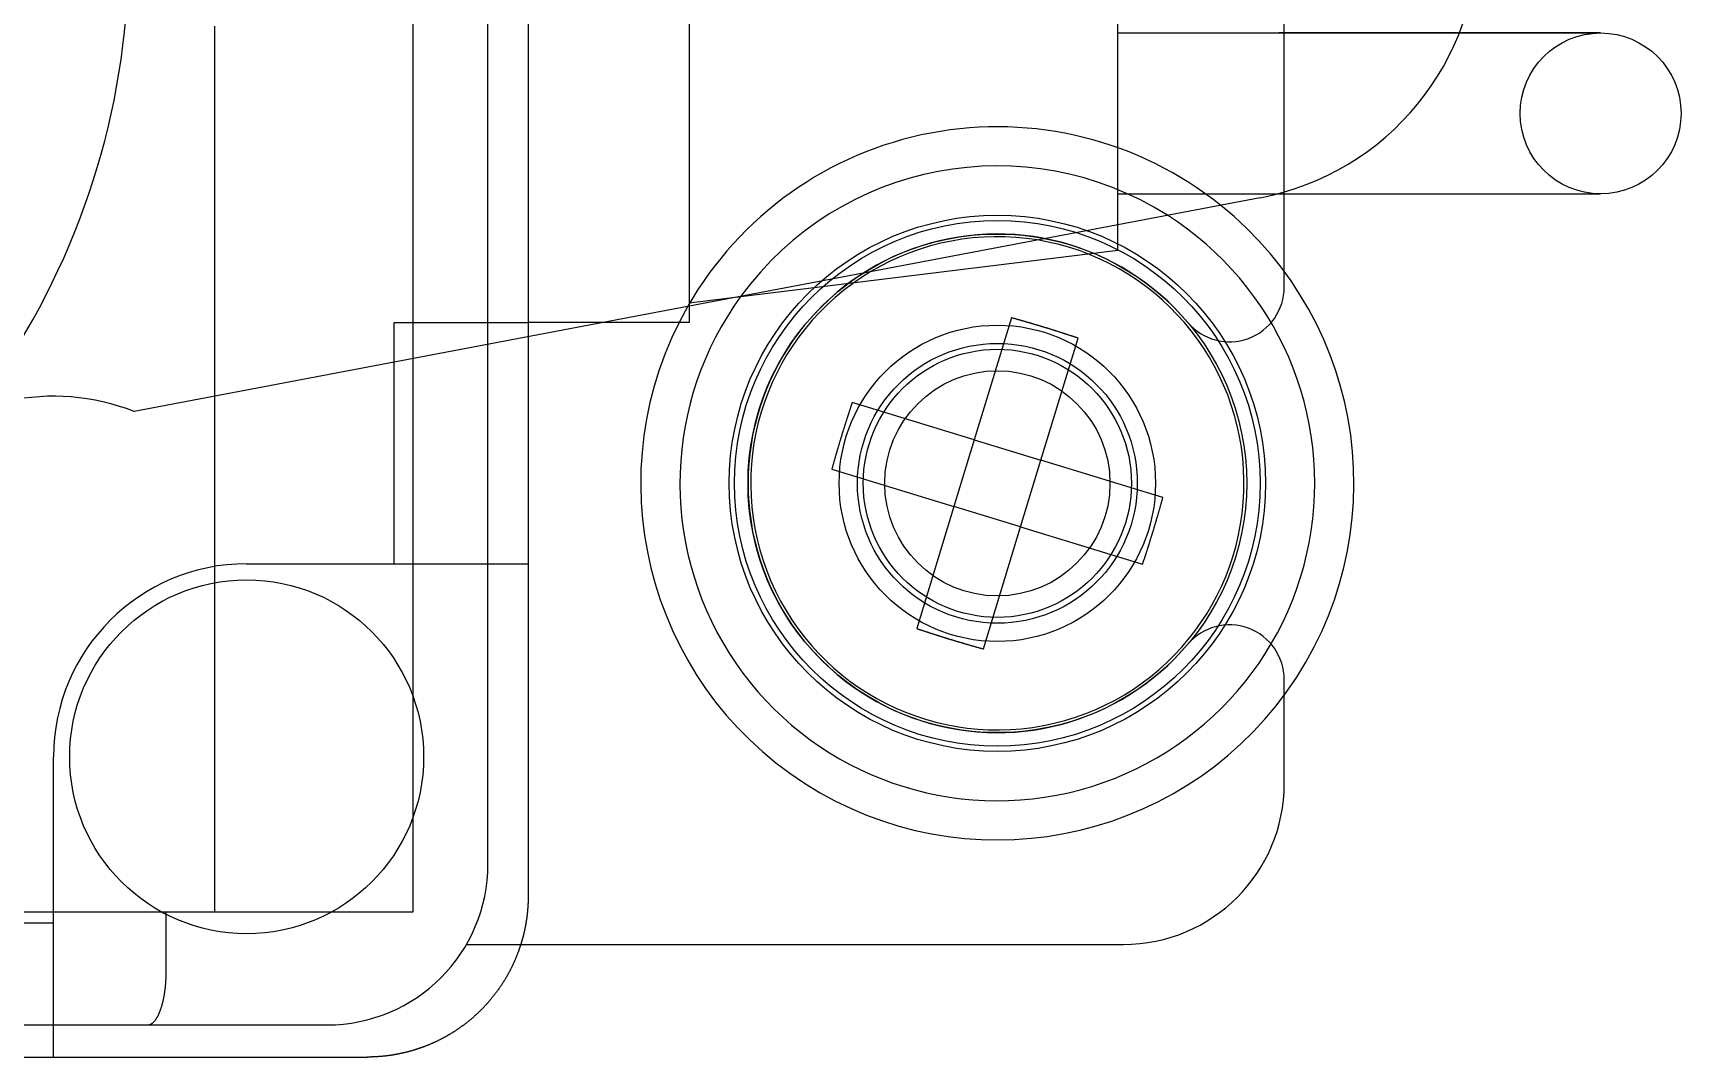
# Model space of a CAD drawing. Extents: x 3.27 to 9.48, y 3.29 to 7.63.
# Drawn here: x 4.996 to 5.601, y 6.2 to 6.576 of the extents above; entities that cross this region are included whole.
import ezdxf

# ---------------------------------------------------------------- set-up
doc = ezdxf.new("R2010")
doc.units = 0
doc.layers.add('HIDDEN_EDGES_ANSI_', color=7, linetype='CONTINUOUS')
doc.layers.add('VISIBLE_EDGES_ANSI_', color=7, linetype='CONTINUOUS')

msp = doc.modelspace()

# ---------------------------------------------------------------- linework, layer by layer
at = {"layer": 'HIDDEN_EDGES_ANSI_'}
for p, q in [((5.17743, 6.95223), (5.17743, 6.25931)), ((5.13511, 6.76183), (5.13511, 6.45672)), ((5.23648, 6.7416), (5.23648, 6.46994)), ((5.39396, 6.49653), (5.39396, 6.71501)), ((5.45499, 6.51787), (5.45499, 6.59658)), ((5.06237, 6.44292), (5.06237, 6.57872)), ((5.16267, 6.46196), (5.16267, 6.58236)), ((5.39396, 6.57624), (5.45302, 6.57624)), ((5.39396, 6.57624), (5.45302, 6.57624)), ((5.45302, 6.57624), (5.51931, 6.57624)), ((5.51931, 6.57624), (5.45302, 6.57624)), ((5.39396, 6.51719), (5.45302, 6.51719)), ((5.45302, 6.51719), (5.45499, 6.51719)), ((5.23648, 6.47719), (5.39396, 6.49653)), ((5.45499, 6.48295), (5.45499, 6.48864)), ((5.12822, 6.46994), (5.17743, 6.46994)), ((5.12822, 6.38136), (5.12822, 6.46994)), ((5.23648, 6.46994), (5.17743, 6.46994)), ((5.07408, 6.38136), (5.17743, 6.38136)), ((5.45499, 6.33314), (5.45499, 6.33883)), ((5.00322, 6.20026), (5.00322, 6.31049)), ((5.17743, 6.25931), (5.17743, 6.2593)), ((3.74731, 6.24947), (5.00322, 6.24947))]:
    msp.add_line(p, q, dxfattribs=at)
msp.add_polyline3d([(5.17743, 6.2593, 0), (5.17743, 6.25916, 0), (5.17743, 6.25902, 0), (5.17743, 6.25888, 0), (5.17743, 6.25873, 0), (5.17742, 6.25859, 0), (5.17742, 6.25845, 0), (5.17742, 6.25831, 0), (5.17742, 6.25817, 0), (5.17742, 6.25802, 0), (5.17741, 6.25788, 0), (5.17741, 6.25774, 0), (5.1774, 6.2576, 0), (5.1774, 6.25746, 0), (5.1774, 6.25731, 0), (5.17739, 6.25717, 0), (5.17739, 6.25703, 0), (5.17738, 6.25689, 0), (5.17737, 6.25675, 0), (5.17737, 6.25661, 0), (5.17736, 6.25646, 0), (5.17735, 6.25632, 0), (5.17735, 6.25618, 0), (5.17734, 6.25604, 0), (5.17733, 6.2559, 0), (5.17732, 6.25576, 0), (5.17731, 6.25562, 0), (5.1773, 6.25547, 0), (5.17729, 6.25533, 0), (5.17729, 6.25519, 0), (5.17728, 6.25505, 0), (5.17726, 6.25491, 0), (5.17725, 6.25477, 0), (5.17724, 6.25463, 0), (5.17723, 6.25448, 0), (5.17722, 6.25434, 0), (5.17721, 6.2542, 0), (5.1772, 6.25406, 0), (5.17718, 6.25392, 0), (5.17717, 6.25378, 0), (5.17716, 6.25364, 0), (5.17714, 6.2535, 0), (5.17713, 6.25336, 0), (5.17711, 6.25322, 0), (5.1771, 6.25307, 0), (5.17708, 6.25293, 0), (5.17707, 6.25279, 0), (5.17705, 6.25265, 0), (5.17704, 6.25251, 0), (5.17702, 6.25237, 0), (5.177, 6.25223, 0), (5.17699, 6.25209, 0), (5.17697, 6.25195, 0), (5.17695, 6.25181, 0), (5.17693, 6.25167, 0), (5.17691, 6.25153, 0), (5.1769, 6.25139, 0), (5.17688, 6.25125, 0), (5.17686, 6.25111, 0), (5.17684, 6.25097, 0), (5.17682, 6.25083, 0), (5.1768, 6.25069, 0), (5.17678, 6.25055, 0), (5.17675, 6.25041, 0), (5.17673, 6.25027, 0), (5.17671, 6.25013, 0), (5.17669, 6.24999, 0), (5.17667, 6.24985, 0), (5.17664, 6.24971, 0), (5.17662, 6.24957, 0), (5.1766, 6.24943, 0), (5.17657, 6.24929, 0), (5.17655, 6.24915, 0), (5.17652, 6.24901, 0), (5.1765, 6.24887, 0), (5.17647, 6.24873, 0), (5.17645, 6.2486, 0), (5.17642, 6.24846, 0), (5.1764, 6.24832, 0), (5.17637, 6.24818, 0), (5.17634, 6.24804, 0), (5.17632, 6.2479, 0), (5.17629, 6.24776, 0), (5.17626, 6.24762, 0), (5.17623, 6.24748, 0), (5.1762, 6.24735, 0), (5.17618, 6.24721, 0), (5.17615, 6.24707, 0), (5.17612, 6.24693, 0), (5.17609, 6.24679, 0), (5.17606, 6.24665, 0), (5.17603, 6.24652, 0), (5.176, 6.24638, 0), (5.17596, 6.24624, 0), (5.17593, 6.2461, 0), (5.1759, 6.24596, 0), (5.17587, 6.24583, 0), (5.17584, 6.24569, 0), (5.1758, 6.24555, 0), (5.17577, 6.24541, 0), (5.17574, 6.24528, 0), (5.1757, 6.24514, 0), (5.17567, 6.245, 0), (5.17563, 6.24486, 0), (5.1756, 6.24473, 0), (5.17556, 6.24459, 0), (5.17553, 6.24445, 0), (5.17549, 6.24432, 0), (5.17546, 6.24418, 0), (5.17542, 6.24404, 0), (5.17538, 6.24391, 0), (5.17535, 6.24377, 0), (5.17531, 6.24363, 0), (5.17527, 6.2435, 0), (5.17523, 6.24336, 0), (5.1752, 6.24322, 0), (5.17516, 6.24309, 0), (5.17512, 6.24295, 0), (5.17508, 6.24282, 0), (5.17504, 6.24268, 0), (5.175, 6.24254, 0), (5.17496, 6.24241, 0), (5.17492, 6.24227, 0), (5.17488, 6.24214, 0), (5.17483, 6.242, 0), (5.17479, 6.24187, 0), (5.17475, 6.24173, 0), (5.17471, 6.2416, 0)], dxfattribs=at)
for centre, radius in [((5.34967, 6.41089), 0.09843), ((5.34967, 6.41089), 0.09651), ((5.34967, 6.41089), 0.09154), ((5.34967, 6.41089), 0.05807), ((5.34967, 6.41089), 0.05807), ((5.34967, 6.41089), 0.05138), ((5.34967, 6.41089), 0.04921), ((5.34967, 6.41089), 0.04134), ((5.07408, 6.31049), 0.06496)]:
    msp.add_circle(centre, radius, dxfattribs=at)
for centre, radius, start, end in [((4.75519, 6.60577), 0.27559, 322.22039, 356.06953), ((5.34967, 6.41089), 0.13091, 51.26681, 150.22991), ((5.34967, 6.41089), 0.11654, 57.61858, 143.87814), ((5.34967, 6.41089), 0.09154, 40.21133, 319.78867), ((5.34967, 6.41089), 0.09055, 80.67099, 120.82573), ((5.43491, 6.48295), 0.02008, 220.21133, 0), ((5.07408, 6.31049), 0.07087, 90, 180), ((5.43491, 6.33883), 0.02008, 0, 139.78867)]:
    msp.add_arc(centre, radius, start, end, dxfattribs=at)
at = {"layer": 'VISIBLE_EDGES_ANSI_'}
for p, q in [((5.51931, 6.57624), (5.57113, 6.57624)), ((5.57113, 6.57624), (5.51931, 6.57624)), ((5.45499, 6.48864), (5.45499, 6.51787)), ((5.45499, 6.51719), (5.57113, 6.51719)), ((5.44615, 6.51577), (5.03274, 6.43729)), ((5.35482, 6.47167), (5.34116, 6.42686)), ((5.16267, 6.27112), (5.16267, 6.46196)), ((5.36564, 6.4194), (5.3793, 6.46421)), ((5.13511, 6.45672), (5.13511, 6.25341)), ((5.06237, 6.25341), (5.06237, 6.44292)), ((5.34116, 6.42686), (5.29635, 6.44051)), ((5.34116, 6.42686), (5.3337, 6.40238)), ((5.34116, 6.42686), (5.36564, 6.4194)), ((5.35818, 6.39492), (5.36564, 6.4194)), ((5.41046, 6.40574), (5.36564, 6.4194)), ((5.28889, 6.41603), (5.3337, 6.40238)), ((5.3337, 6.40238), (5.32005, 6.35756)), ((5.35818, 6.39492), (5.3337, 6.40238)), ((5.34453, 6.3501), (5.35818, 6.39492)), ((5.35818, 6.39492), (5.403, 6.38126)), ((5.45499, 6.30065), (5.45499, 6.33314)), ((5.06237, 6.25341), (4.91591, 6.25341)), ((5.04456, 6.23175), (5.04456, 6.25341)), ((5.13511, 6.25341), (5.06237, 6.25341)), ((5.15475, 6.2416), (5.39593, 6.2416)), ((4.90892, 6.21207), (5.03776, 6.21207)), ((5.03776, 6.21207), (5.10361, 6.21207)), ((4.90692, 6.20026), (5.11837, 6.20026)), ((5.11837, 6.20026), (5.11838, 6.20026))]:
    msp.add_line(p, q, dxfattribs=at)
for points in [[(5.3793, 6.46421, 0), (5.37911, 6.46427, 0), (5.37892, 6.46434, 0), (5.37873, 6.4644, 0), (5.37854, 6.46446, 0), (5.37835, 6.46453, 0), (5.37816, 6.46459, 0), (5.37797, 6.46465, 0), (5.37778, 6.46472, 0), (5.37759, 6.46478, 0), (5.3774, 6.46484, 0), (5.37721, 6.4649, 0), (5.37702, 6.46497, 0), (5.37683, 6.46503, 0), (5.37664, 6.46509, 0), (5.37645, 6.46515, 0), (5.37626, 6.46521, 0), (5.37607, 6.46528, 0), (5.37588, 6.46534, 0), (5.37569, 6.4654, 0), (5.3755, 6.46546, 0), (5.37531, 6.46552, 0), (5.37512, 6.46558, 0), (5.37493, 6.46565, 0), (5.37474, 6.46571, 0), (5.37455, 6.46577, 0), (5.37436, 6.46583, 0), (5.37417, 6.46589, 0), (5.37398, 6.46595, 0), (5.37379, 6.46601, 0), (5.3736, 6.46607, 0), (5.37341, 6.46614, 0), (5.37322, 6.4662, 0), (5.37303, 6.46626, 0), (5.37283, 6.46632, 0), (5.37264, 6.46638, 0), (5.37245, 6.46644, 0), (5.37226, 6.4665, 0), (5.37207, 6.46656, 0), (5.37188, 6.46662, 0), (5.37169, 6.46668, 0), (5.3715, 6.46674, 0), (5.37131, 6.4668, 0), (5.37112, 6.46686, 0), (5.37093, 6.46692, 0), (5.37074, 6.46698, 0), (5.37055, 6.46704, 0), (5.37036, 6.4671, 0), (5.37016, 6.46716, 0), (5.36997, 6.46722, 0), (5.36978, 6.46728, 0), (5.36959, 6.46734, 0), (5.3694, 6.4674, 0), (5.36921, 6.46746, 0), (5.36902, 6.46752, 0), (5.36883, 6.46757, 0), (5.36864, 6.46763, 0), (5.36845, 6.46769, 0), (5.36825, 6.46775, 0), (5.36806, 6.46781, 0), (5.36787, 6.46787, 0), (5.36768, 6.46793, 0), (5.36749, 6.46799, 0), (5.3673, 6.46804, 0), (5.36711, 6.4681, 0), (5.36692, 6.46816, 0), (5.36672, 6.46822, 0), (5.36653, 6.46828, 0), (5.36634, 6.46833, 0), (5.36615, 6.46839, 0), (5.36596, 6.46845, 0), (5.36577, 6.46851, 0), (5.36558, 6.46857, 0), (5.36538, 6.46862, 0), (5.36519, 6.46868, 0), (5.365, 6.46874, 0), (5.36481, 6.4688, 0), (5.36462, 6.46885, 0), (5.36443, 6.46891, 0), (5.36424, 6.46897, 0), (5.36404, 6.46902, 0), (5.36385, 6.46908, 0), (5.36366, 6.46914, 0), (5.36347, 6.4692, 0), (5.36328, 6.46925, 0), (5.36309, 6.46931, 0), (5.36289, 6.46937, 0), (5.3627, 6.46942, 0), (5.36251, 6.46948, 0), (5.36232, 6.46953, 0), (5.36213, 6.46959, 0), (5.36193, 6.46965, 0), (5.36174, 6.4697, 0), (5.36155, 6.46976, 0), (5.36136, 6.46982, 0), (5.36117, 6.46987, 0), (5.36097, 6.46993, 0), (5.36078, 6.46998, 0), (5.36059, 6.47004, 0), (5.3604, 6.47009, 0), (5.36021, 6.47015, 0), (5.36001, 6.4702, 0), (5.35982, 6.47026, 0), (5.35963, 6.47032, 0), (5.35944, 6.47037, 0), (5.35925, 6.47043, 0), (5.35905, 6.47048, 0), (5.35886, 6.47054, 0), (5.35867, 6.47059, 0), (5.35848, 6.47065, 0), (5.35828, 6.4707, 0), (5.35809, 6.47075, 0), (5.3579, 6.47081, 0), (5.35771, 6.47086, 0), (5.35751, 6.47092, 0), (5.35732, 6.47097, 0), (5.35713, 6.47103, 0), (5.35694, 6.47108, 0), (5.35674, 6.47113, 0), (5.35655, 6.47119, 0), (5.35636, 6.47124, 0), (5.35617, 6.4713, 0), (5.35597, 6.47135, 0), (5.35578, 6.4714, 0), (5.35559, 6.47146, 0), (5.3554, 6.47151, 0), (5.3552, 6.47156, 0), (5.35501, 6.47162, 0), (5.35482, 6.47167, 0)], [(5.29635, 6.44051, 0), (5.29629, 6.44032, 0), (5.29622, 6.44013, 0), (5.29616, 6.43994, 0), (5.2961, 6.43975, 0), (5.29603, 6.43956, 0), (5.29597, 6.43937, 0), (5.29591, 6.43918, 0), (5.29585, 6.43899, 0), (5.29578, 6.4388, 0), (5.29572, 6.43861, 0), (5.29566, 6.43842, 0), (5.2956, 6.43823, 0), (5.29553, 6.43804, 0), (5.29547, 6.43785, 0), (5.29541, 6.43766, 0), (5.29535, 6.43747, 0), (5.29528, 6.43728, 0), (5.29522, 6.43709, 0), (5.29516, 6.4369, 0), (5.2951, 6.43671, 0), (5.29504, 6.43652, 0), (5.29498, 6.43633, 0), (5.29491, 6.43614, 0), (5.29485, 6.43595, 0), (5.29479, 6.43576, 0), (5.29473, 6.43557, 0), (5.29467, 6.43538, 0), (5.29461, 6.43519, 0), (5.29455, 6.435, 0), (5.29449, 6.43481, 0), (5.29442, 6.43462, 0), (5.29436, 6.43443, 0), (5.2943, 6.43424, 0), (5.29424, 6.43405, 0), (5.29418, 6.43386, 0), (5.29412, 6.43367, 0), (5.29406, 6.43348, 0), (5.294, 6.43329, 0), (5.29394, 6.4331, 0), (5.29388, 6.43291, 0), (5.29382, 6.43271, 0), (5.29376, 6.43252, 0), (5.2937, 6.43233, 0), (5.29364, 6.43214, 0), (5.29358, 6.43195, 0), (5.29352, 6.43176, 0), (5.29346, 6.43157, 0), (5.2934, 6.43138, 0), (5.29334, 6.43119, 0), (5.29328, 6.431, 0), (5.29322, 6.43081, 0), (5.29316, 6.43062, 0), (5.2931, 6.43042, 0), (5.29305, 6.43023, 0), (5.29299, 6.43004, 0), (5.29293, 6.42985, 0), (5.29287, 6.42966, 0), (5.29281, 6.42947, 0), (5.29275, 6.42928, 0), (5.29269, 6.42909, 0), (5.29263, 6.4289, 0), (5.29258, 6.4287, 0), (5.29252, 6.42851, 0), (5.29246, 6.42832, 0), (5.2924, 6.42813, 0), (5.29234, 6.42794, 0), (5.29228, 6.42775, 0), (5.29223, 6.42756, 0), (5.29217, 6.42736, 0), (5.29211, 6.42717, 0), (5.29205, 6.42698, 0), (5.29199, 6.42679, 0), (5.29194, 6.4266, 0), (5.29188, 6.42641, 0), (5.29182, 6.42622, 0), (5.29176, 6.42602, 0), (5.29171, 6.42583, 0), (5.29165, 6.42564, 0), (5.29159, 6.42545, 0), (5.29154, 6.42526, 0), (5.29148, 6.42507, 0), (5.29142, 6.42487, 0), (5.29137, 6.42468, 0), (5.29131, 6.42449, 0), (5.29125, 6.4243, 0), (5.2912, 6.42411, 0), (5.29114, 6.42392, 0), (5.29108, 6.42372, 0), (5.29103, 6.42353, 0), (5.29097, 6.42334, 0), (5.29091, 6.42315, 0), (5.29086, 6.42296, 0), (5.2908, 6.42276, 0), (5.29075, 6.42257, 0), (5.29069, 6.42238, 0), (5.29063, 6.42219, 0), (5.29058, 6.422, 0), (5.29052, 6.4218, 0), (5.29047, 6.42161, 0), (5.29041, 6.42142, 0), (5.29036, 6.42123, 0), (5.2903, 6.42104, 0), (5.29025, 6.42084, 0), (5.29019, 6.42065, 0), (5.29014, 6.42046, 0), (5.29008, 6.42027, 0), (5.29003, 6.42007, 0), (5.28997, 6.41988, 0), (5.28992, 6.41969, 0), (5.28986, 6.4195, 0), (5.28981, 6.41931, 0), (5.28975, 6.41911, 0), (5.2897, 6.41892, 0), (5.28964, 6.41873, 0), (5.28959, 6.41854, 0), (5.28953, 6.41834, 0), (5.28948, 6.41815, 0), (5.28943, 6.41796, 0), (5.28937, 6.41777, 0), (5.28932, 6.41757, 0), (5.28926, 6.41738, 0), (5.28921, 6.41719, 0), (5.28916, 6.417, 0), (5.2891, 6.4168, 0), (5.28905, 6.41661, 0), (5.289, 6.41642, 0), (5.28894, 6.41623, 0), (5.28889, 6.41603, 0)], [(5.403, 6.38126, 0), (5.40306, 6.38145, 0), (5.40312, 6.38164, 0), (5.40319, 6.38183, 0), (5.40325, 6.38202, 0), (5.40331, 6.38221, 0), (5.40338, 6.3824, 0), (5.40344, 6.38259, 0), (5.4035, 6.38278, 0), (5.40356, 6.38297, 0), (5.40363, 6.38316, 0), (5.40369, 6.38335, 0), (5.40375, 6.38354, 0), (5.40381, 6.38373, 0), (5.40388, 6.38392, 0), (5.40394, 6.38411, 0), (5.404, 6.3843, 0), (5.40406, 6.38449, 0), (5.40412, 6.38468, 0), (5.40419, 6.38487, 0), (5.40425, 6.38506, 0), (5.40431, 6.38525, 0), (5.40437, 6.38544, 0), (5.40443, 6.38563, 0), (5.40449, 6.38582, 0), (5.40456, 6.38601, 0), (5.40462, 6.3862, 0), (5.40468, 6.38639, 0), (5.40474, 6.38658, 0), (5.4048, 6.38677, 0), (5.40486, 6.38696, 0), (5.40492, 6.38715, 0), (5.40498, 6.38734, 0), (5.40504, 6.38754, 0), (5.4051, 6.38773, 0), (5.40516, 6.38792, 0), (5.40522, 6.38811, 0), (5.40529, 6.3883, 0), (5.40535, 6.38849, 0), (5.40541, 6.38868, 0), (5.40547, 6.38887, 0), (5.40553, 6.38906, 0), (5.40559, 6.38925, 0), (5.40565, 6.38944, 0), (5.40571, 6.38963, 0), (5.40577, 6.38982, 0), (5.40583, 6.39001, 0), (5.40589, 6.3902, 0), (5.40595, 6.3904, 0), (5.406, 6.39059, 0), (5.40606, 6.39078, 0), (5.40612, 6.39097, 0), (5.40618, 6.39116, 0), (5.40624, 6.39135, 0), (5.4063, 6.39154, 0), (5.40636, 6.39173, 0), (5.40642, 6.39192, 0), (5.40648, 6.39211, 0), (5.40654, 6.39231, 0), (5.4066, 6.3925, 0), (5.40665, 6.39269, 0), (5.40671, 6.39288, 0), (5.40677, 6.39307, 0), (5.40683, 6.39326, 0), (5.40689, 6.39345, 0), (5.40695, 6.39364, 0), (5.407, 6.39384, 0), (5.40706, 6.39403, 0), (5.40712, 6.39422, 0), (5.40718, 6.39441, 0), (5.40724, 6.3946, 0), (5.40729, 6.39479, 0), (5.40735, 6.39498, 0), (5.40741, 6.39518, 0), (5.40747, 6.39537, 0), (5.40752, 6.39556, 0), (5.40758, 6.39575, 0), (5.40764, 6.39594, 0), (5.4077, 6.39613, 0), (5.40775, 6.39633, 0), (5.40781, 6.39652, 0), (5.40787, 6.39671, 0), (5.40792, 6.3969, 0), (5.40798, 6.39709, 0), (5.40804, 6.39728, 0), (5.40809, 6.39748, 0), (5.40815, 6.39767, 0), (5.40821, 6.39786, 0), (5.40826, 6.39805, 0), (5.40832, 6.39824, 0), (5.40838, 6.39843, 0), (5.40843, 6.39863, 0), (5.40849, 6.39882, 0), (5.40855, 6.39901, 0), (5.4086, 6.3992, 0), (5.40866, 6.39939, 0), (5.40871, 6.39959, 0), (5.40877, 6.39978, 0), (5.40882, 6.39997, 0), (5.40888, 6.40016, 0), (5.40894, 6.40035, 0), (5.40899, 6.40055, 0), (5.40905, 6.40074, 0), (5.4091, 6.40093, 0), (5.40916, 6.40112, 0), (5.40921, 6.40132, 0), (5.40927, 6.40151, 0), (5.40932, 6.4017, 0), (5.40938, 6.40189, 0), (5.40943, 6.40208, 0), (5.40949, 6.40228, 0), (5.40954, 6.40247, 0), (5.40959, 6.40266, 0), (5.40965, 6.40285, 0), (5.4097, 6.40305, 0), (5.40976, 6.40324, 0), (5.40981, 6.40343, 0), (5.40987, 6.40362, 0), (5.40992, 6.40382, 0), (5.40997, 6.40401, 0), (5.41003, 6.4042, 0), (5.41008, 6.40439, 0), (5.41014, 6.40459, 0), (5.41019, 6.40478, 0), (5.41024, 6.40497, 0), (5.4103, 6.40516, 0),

WHAT TO DO: From the material above, copy out every line bearing the string "CONTINUOUS".

TASK ANSWER:
doc.layers.add('HIDDEN_EDGES_ANSI_', color=7, linetype='CONTINUOUS')
doc.layers.add('VISIBLE_EDGES_ANSI_', color=7, linetype='CONTINUOUS')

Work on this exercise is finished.